The records that follow are to be reproduced exactly. Any pictures in them are left out.

--- Data ---

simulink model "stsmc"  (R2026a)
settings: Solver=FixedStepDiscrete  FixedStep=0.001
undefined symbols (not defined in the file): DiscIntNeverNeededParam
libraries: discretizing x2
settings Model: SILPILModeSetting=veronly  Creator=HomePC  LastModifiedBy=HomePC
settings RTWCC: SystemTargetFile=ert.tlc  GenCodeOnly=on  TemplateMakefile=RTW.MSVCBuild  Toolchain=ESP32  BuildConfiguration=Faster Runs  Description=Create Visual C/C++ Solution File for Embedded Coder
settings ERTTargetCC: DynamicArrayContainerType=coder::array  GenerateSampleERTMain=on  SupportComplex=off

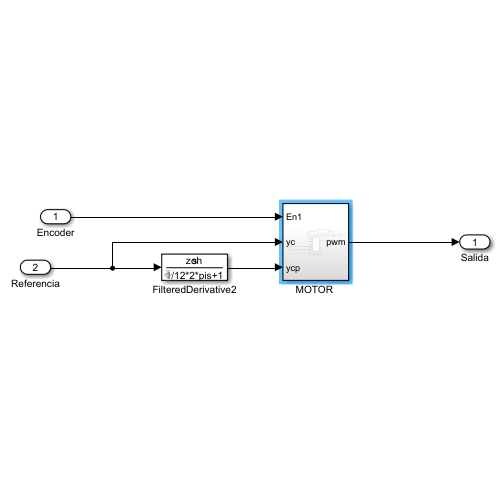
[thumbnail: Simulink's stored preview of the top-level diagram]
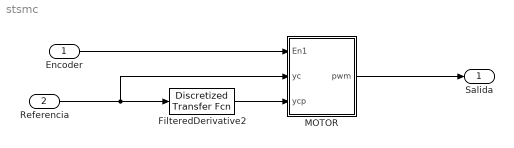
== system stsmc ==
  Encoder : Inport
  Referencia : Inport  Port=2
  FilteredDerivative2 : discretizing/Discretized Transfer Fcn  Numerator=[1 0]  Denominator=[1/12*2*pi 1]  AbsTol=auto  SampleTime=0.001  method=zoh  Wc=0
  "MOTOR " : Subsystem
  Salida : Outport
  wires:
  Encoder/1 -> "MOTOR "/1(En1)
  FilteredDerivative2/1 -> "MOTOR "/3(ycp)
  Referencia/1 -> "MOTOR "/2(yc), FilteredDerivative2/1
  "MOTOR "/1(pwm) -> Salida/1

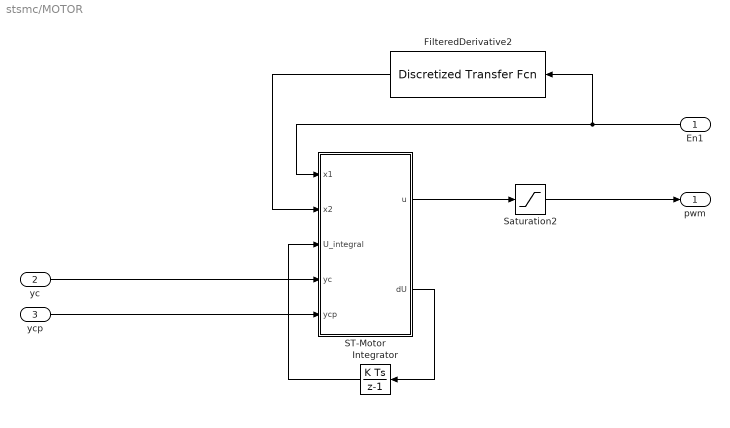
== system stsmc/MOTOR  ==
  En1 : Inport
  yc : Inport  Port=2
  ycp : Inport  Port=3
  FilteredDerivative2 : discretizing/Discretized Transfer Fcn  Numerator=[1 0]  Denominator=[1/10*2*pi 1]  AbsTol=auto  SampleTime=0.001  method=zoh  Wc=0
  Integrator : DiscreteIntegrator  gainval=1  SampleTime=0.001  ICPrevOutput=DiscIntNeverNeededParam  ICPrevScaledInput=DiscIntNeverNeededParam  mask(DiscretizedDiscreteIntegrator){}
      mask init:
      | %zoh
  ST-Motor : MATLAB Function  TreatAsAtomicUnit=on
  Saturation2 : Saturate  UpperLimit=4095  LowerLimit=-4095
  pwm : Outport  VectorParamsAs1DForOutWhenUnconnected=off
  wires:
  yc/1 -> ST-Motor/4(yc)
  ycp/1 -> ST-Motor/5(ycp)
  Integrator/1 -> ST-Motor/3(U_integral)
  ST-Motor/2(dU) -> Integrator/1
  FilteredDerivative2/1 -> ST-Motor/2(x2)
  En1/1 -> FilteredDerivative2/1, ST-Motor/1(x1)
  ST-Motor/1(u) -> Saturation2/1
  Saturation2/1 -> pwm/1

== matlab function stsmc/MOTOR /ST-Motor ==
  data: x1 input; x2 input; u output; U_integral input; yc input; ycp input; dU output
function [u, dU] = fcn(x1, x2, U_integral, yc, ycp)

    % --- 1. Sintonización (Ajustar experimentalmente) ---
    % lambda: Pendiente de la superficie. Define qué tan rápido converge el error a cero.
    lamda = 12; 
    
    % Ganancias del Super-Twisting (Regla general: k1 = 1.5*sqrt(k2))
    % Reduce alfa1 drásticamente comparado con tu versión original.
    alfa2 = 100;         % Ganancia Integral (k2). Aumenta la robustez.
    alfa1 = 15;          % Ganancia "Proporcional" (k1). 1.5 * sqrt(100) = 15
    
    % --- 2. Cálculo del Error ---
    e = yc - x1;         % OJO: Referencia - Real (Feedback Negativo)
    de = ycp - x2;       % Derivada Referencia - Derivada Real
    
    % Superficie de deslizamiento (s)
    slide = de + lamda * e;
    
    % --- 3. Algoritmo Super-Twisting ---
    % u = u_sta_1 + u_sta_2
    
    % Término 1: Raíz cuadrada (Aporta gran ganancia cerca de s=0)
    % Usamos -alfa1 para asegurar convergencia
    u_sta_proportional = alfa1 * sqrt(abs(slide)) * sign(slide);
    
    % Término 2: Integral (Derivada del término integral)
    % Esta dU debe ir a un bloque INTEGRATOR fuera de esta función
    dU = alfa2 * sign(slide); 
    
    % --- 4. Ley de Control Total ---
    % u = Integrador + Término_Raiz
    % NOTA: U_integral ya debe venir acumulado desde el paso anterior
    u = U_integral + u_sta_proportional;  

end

---

#### Finished exercise
simulink model "stsmc"  (R2026a)
settings: Solver=FixedStepDiscrete  FixedStep=0.001
undefined symbols (not defined in the file): DiscIntNeverNeededParam
libraries: discretizing x2
settings Model: SILPILModeSetting=veronly  Creator=HomePC  LastModifiedBy=HomePC
settings RTWCC: SystemTargetFile=ert.tlc  GenCodeOnly=on  TemplateMakefile=RTW.MSVCBuild  Toolchain=ESP32  BuildConfiguration=Faster Runs  Description=Create Visual C/C++ Solution File for Embedded Coder
settings ERTTargetCC: DynamicArrayContainerType=coder::array  GenerateSampleERTMain=on  SupportComplex=off

[thumbnail: Simulink's stored preview of the top-level diagram]
== system stsmc ==
  Encoder : Inport
  Referencia : Inport  Port=2
  FilteredDerivative2 : discretizing/Discretized Transfer Fcn  Numerator=[1 0]  Denominator=[1/12*2*pi 1]  AbsTol=auto  SampleTime=0.001  method=zoh  Wc=0
  "MOTOR " : Subsystem
  Salida : Outport
  wires:
  Encoder/1 -> "MOTOR "/1(En1)
  FilteredDerivative2/1 -> "MOTOR "/3(ycp)
  Referencia/1 -> "MOTOR "/2(yc), FilteredDerivative2/1
  "MOTOR "/1(pwm) -> Salida/1

== system stsmc/MOTOR  ==
  En1 : Inport
  yc : Inport  Port=2
  ycp : Inport  Port=3
  FilteredDerivative2 : discretizing/Discretized Transfer Fcn  Numerator=[1 0]  Denominator=[1/10*2*pi 1]  AbsTol=auto  SampleTime=0.001  method=zoh  Wc=0
  Integrator : DiscreteIntegrator  gainval=1  SampleTime=0.001  ICPrevOutput=DiscIntNeverNeededParam  ICPrevScaledInput=DiscIntNeverNeededParam  mask(DiscretizedDiscreteIntegrator){}
      mask init:
      | %zoh
  ST-Motor : MATLAB Function  TreatAsAtomicUnit=on
  Saturation2 : Saturate  UpperLimit=4095  LowerLimit=-4095
  pwm : Outport  VectorParamsAs1DForOutWhenUnconnected=off
  wires:
  yc/1 -> ST-Motor/4(yc)
  ycp/1 -> ST-Motor/5(ycp)
  Integrator/1 -> ST-Motor/3(U_integral)
  ST-Motor/2(dU) -> Integrator/1
  FilteredDerivative2/1 -> ST-Motor/2(x2)
  En1/1 -> FilteredDerivative2/1, ST-Motor/1(x1)
  ST-Motor/1(u) -> Saturation2/1
  Saturation2/1 -> pwm/1

== matlab function stsmc/MOTOR /ST-Motor ==
  data: x1 input; x2 input; u output; U_integral input; yc input; ycp input; dU output
function [u, dU] = fcn(x1, x2, U_integral, yc, ycp)

    % --- 1. Sintonización (Ajustar experimentalmente) ---
    % lambda: Pendiente de la superficie. Define qué tan rápido converge el error a cero.
    lamda = 12; 
    
    % Ganancias del Super-Twisting (Regla general: k1 = 1.5*sqrt(k2))
    % Reduce alfa1 drásticamente comparado con tu versión original.
    alfa2 = 100;         % Ganancia Integral (k2). Aumenta la robustez.
    alfa1 = 15;          % Ganancia "Proporcional" (k1). 1.5 * sqrt(100) = 15
    
    % --- 2. Cálculo del Error ---
    e = yc - x1;         % OJO: Referencia - Real (Feedback Negativo)
    de = ycp - x2;       % Derivada Referencia - Derivada Real
    
    % Superficie de deslizamiento (s)
    slide = de + lamda * e;
    
    % --- 3. Algoritmo Super-Twisting ---
    % u = u_sta_1 + u_sta_2
    
    % Término 1: Raíz cuadrada (Aporta gran ganancia cerca de s=0)
    % Usamos -alfa1 para asegurar convergencia
    u_sta_proportional = alfa1 * sqrt(abs(slide)) * sign(slide);
    
    % Término 2: Integral (Derivada del término integral)
    % Esta dU debe ir a un bloque INTEGRATOR fuera de esta función
    dU = alfa2 * sign(slide); 
    
    % --- 4. Ley de Control Total ---
    % u = Integrador + Término_Raiz
    % NOTA: U_integral ya debe venir acumulado desde el paso anterior
    u = U_integral + u_sta_proportional;  

end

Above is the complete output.